As long as there have been cellphones, police have sought to access their contents, hoping to find a digital trace that could link a suspect to a crime. But as the technology has improved, it has also given police ever-increasing access to the most intimate details of a person’s life. It was inevitable then that the Supreme Court would be forced to consider how the rights of individuals caught up in criminal proceedings apply to the ubiquitous device.

The basic argument against these orders is simple: Compelling someone to give up the password to their phone is essentially no different than forcing them to verbally provide incriminating details about its contents. The Fifth Amendment, the courts have long held, protects a person from being forced to make statements that are self-incriminating or may otherwise lead investigators to material that’s incriminating.

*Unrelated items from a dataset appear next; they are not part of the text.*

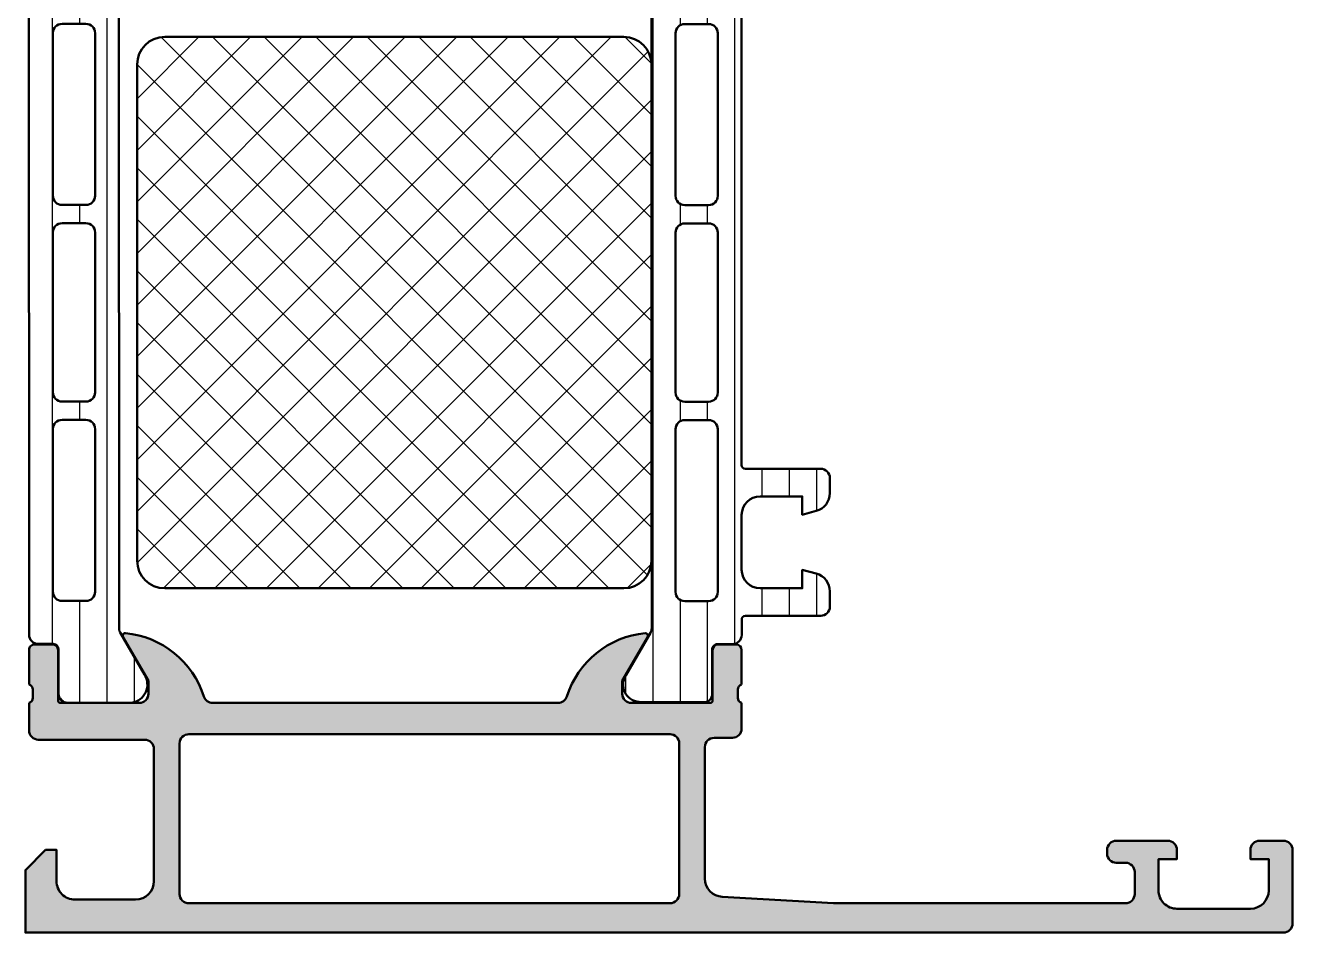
# Model space of a CAD drawing. Extents: x 0 to 69, y 0 to 75.
# Drawn here: x 0 to 69, y 0 to 49.4 of the extents above; entities that cross this region are included whole.
import ezdxf

# ---------------------------------------------------------------- set-up
doc = ezdxf.new("R2010")
doc.units = 0
for name, color, linetype, lineweight in [('0S-Alu contour', 7, 'Continuous', 50), ('0S-Alu hatch', 252, 'Continuous', 25), ('0S-Plastic contour', 254, 'Continuous', 50), ('0S-Plastic hatch', 253, 'Continuous', 25), ('0S-PT contour', 91, 'Continuous', 50), ('0S-PT hatch', 103, 'Continuous', 25)]:
    doc.layers.add(name, color=color, linetype=linetype, lineweight=lineweight)
pattern_1 = [(90, (0, 0), (-1.4859, 0), [])]

# ---------------------------------------------------------------- blocks, each defined once
blk = doc.blocks.new('345060__0869A76F_F0E8_4EB2_83F8_8AC66CB4EB45_')
at = {"layer": '0S-Alu hatch'}
h = blk.add_hatch(color=256, dxfattribs=at)
edge = h.paths.add_edge_path()
edge.add_line((0.2000122032186478, 12.5000020302859), (0.2000122032186481, 11.00000007629569))
edge.add_arc((0.6999984032339494, 10.99998627631099), 0.499986200205746, 179.9984185945515, 270.0015814054074)
edge.add_line((0.7000122032186474, 10.50000007629569), (6.499999996187403, 10.50000007629569))
edge.add_ellipse((6.500003635544038, 10.00000371565233), major_axis=(-0.4999963606566086, 0), ratio=1, start_angle=179.9995829571355, end_angle=270.00041704258615, ccw=False)
edge.add_line((6.999999996187401, 10.00000007629568), (6.9999999961874, 2.800003128053507))
edge.add_ellipse((5.999980085835259, 2.800022919193989), major_axis=(-1.000019910547982, 0), ratio=1, start_angle=90.00114075643307, end_angle=179.9988660732029, ccw=False)
edge.add_line((5.999999996187397, 1.800003008844214), (2.700012203218649, 1.800003008844213))
edge.add_ellipse((2.699981218687415, 2.799972024316681), major_axis=(-0.9999690159525039, 0), ratio=1, start_angle=-0.0017821679763869724, end_angle=90.00177533787729, ccw=False)
edge.add_line((1.700012203218648, 2.800003128053503), (1.700012203218648, 4.500000076295691))
edge.add_line((1.700012203218648, 4.500000076295691), (1.100006099703021, 4.500000076295691))
edge.add_line((1.100006099703021, 4.500000076295691), (0, 3.400001602174597))
edge.add_line((0, 3.400001602174597), (0, 0))
edge.add_line((0, 0), (68.49999475097867, 0))
edge.add_arc((68.49999839414345, 0.4999963568351063), 0.499996356848379, 269.9995825210269, 360.0004159770605)
edge.add_line((68.99999475097864, 0.4999999868887405), (68.99999475097864, 4.500000076295683))
edge.add_arc((68.49999839033528, 4.500003715652336), 0.4999963606566104, 359.9995829571354, 450.0004170425812)
edge.add_line((68.49999475097869, 5.000000076295702), (67.19997644043178, 5.000000076295691))
edge.add_arc((67.19995618549508, 4.500050846642928), 0.4999492300630667, 89.99767871952236, 180.0058184440998)
edge.add_line((66.7000069580099, 4.500000076295707), (66.7000069580099, 4.000000076295692))
edge.add_line((66.7000069580099, 4.000000076295692), (67.70000695800991, 4.000000076295692))
edge.add_line((67.70000695800991, 4.000000076295692), (67.7000069580099, 2.300003128053478))
edge.add_ellipse((66.6999637326864, 2.300046234162573), major_axis=(-1.000043226252522, 0), ratio=1, start_angle=90.00247652155508, end_angle=179.9975303089387, ccw=False)
edge.add_line((66.7000069580099, 1.300003008844224), (62.69998025512905, 1.300003008844214))
edge.add_ellipse((62.69996356972968, 2.299955806847219), major_axis=(-0.9999527981422126, 0), ratio=1, start_angle=-0.0027114333473718943, end_angle=90.00095604809093, ccw=False)
edge.add_line((61.70001077270717, 2.300003128053514), (61.70001077270717, 4.000000076295692))
edge.add_line((61.70001077270717, 4.000000076295692), (62.70001077270717, 4.000000076295692))
edge.add_line((62.70001077270717, 4.000000076295692), (62.70001077270718, 4.500000076295684))
edge.add_arc((62.19996203693318, 4.499951340521693), 0.5000487381489455, 0.0055841639549441, 89.99441583599162)
edge.add_line((62.20001077270718, 5.000000076295695), (59.3999924621603, 5.000000076295692))
edge.add_arc((59.3999786621756, 4.500013876280368), 0.499986200205769, 89.99841859459319, 180.0015814054484)
edge.add_line((58.89999246216028, 4.500000076295683), (58.89999246216029, 4.300003128053489))
edge.add_arc((59.3999795805841, 4.299990246477313), 0.4999871185897497, 179.9985238419079, 270.0014761579285)
edge.add_line((59.39999246216029, 3.800003128053503), (59.89999246216029, 3.800003128053504))
edge.add_ellipse((59.89998972129269, 3.300000387185894), major_axis=(-0.5000027408751221, 0), ratio=1, start_angle=180.0003140784808, end_angle=269.99968592142943, ccw=False)
edge.add_line((60.3999924621603, 3.300003128053504), (60.3999924621603, 2.099998550416785))
edge.add_ellipse((59.89999610150555, 2.099994791863127), major_axis=(-0.499996360668875, 0), ratio=1, start_angle=89.99958295871829, end_angle=180.0004307015151, ccw=False)
edge.add_line((59.89999246216029, 1.599998431207497), (43.99999856567591, 1.599998431207495))
edge.add_line((43.99999856567591, 1.599998431207495), (37.94296502685757, 1.946113543512183))
edge.add_ellipse((37.99999317156701, 2.944476890856525), major_axis=(-0.9999907912623992, 0), ratio=1, start_angle=-0.0006709873298973434, end_angle=86.73072417526862, ccw=False)
edge.add_line((37.00000238037318, 2.944488601686328), (37.00000238037317, 10.09999855041677))
edge.add_ellipse((37.50000238037318, 10.09999855041677), major_axis=(-0.5000000000000142, 0), ratio=1, start_angle=270, end_angle=360, ccw=False)
edge.add_line((37.50000238037318, 10.59999855041678), (38.50000238037318, 10.59999855041678))
edge.add_arc((38.50000238037317, 11.0999985504168), 0.5000000000000231, 270.0000000000008, 360)
edge.add_line((39.0000023803732, 11.09999855041681), (39.00000238037321, 12.50000007629568))
edge.add_ellipse((39.07883882691625, 12.7675206682888), major_axis=(-0.2788950563274256, 0), ratio=1, start_angle=-1.164589374096181, end_angle=73.58012358050883, ccw=False)
edge.add_line((38.80000138037321, 12.77318907628717), (38.80000138037321, 13.22678307628717))
edge.add_ellipse((39.07886947601637, 13.23244373576424), major_axis=(-0.2789255417371436, 0), ratio=1, start_angle=-73.57540544464308, end_angle=1.1628700728883814, ccw=False)
edge.add_line((39.00000238037319, 13.49998707628717), (39.00000238037319, 15.37999807629568))
edge.add_arc((38.70000238037319, 15.37999807629567), 0.3000000000000043, 0, 90)
edge.add_line((38.70000238037319, 15.67999807629568), (37.7200280613304, 15.67999807629568))
edge.add_arc((37.7200280613304, 15.37999807629568), 0.2999999999999954, 90, 180)
edge.add_line((37.42002806133041, 15.37999807629568), (37.42002806133041, 12.62000007629568))
edge.add_ellipse((37.3000280613304, 12.62000007629568), major_axis=(-0.1200000000000116, 0), ratio=1, start_angle=90.00000000000341, end_angle=180, ccw=False)
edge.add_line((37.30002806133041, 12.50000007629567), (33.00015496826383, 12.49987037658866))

Subject: Police let most Capitol rioters walk away. But cellphone data and videos could now lead to more arrests
Source: The Washington Post

Authorities looking to prosecute the mob of Trump supporters who overran the U.S. Capitol on Wednesday stand to get powerful help from cellphone records, facial recognition tools and other technologies to assist in the identification of anyone who was there that day.

The Capitol, more than most buildings, has a vast cellular and wireless data infrastructure of its own to make communications efficient in a building made largely of stone and that extends deep underground and has pockets of shielded areas. Such infrastructure, such as individual cell towers, can turn any connected phone into its own tracking device.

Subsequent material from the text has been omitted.